◆ **Task brief**: Please quote exactly the lines below from the line containing "(19.05, 0, 0)" to the line containing "line L7 (-228.6, 19.05)", both lines included, and nothing else.

── Information ──

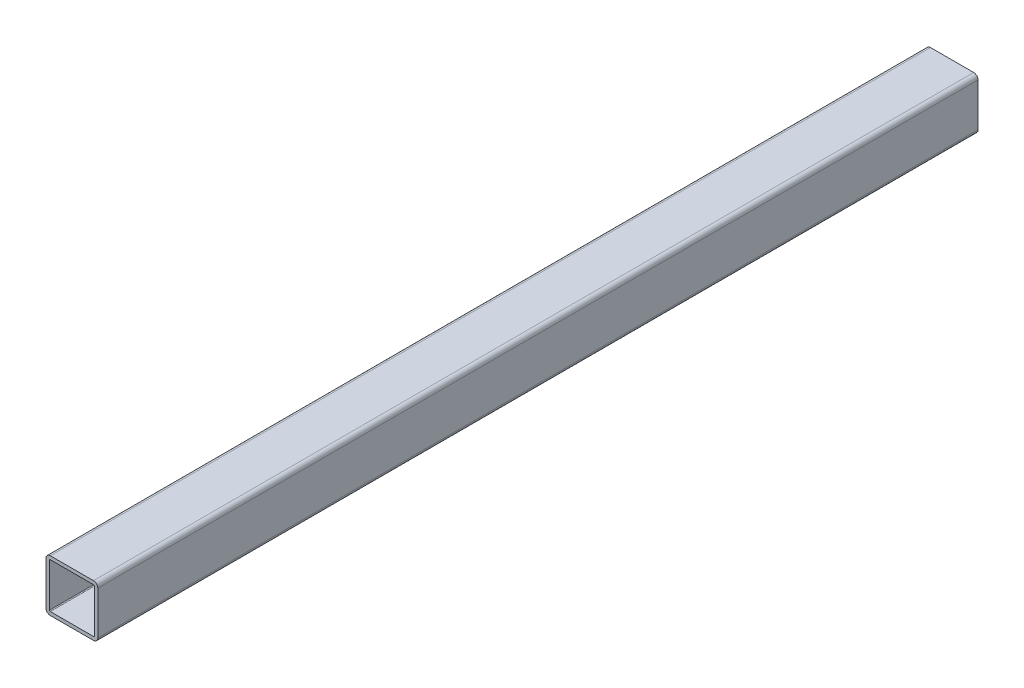
SolidWorks part; units mm, degrees
ref_plane "Front Plane" through (0, 0, 0) normal (0, 0, 1) x (1, 0, 0)
ref_plane "Top Plane" through (0, 0, 0) normal (0, 1, 0) x (1, 0, 0)
ref_plane "Right Plane" through (0, 0, 0) normal (1, 0, 0) x (0, 0, -1)
sketch "Sketch1" plane through (0, 0, 0) normal (0, 0, 1) x (1, 0, 0)
  line L1 (-15.875, 19.05) -> (15.875, 19.05)
  line L2 (-19.05, 15.875) -> (-19.05, -15.875)
  line L3 (-15.875, -19.05) -> (15.875, -19.05)
  line L4 (19.05, 15.875) -> (19.05, -15.875)
  line L5 (-19.05, 19.05) -> (19.05, -19.05) construction
  line L6 (-19.05, -19.05) -> (19.05, 19.05) construction
  arc A0 (-19.05, -15.875) -> (-15.875, -19.05) centre (-15.875, -15.875) ccw
  arc A1 (15.875, -19.05) -> (19.05, -15.875) centre (15.875, -15.875) ccw
  arc A2 (19.05, 15.875) -> (15.875, 19.05) centre (15.875, 15.875) ccw
  arc A3 (-15.875, 19.05) -> (-19.05, 15.875) centre (-15.875, 15.875) ccw
  point P0 (0, 0)
  dimension "D3" = 3.175
  dimension "D1" = 38.1
  dimension "D2" = 38.1
extrude "Extrude-Thin1" add sketch "Sketch1" along normal mid plane 647.7 thin
sketch "Sketch3" plane through (19.05, 0, 0) normal (1, 0, 0) x (0, 0, -1)
  line L0 (323.85, 0) -> (-323.85, 0) construction
  line L1 (323.85, -15.875) -> (323.85, 15.875) construction
  line L2 (-323.85, -15.875) -> (-323.85, 15.875) construction
  line L3 (304.8, 19.05) -> (304.8, -19.05) construction
  line L4 (-323.85, 19.05) -> (323.85, 19.05) construction
  line L5 (-323.85, -19.05) -> (323.85, -19.05) construction
  line L6 (-304.8, 19.05) -> (-304.8, -19.05) construction
  line L7 (-228.6, 19.05) -> (-228.6, -19.05) construction
  line L8 (-152.4, 19.05) -> (-152.4, -19.05) construction
  line L9 (-76.2, 19.05) -> (-76.2, -19.05) construction
  dimension "D1" = 19.05
  dimension "D2" = 19.05
  dimension "D3" = 76.2
  dimension "D4" = 76.2
  dimension "D5" = 76.2
sketch "Sketch4" plane through (-19.05, 0, 0) normal (-1, 0, 0) x (0, 0, 1)
  line L0 (323.85, 0) -> (-323.85, 0) construction
  line L1 (323.85, 15.875) -> (323.85, -15.875) construction
  line L2 (-323.85, 15.875) -> (-323.85, -15.875) construction
  line L3 (-304.8, 19.05) -> (-304.8, -19.05) construction
  line L4 (323.85, 19.05) -> (-323.85, 19.05) construction
  line L5 (323.85, -19.05) -> (-323.85, -19.05) construction
  line L6 (76.2, 19.05) -> (76.2, -19.05) construction
  line L7 (152.4, 19.05) -> (152.4, -19.05) construction
  line L8 (228.6, 19.05) -> (228.6, -19.05) construction
  line L9 (304.8, 19.05) -> (304.8, -19.05) construction
  line L10 (0, 19.05) -> (0, -19.05) construction
  line L11 (-76.2, 19.05) -> (-76.2, -19.05) construction
  line L12 (-152.4, 19.05) -> (-152.4, -19.05) construction
  line L13 (-228.6, 19.05) -> (-228.6, -19.05) construction
  dimension "D1" = 19.05
  dimension "D2" = 76.2
  dimension "D3" = 76.2
  dimension "D4" = 76.2
  dimension "D5" = 19.05
  dimension "D6" = 76.2
  dimension "D7" = 76.2
  dimension "D8" = 76.2
  dimension "D9" = 76.2

───

◆ **Solution to this task**:
sketch "Sketch3" plane through (19.05, 0, 0) normal (1, 0, 0) x (0, 0, -1)
  line L0 (323.85, 0) -> (-323.85, 0) construction
  line L1 (323.85, -15.875) -> (323.85, 15.875) construction
  line L2 (-323.85, -15.875) -> (-323.85, 15.875) construction
  line L3 (304.8, 19.05) -> (304.8, -19.05) construction
  line L4 (-323.85, 19.05) -> (323.85, 19.05) construction
  line L5 (-323.85, -19.05) -> (323.85, -19.05) construction
  line L6 (-304.8, 19.05) -> (-304.8, -19.05) construction
  line L7 (-228.6, 19.05) -> (-228.6, -19.05) construction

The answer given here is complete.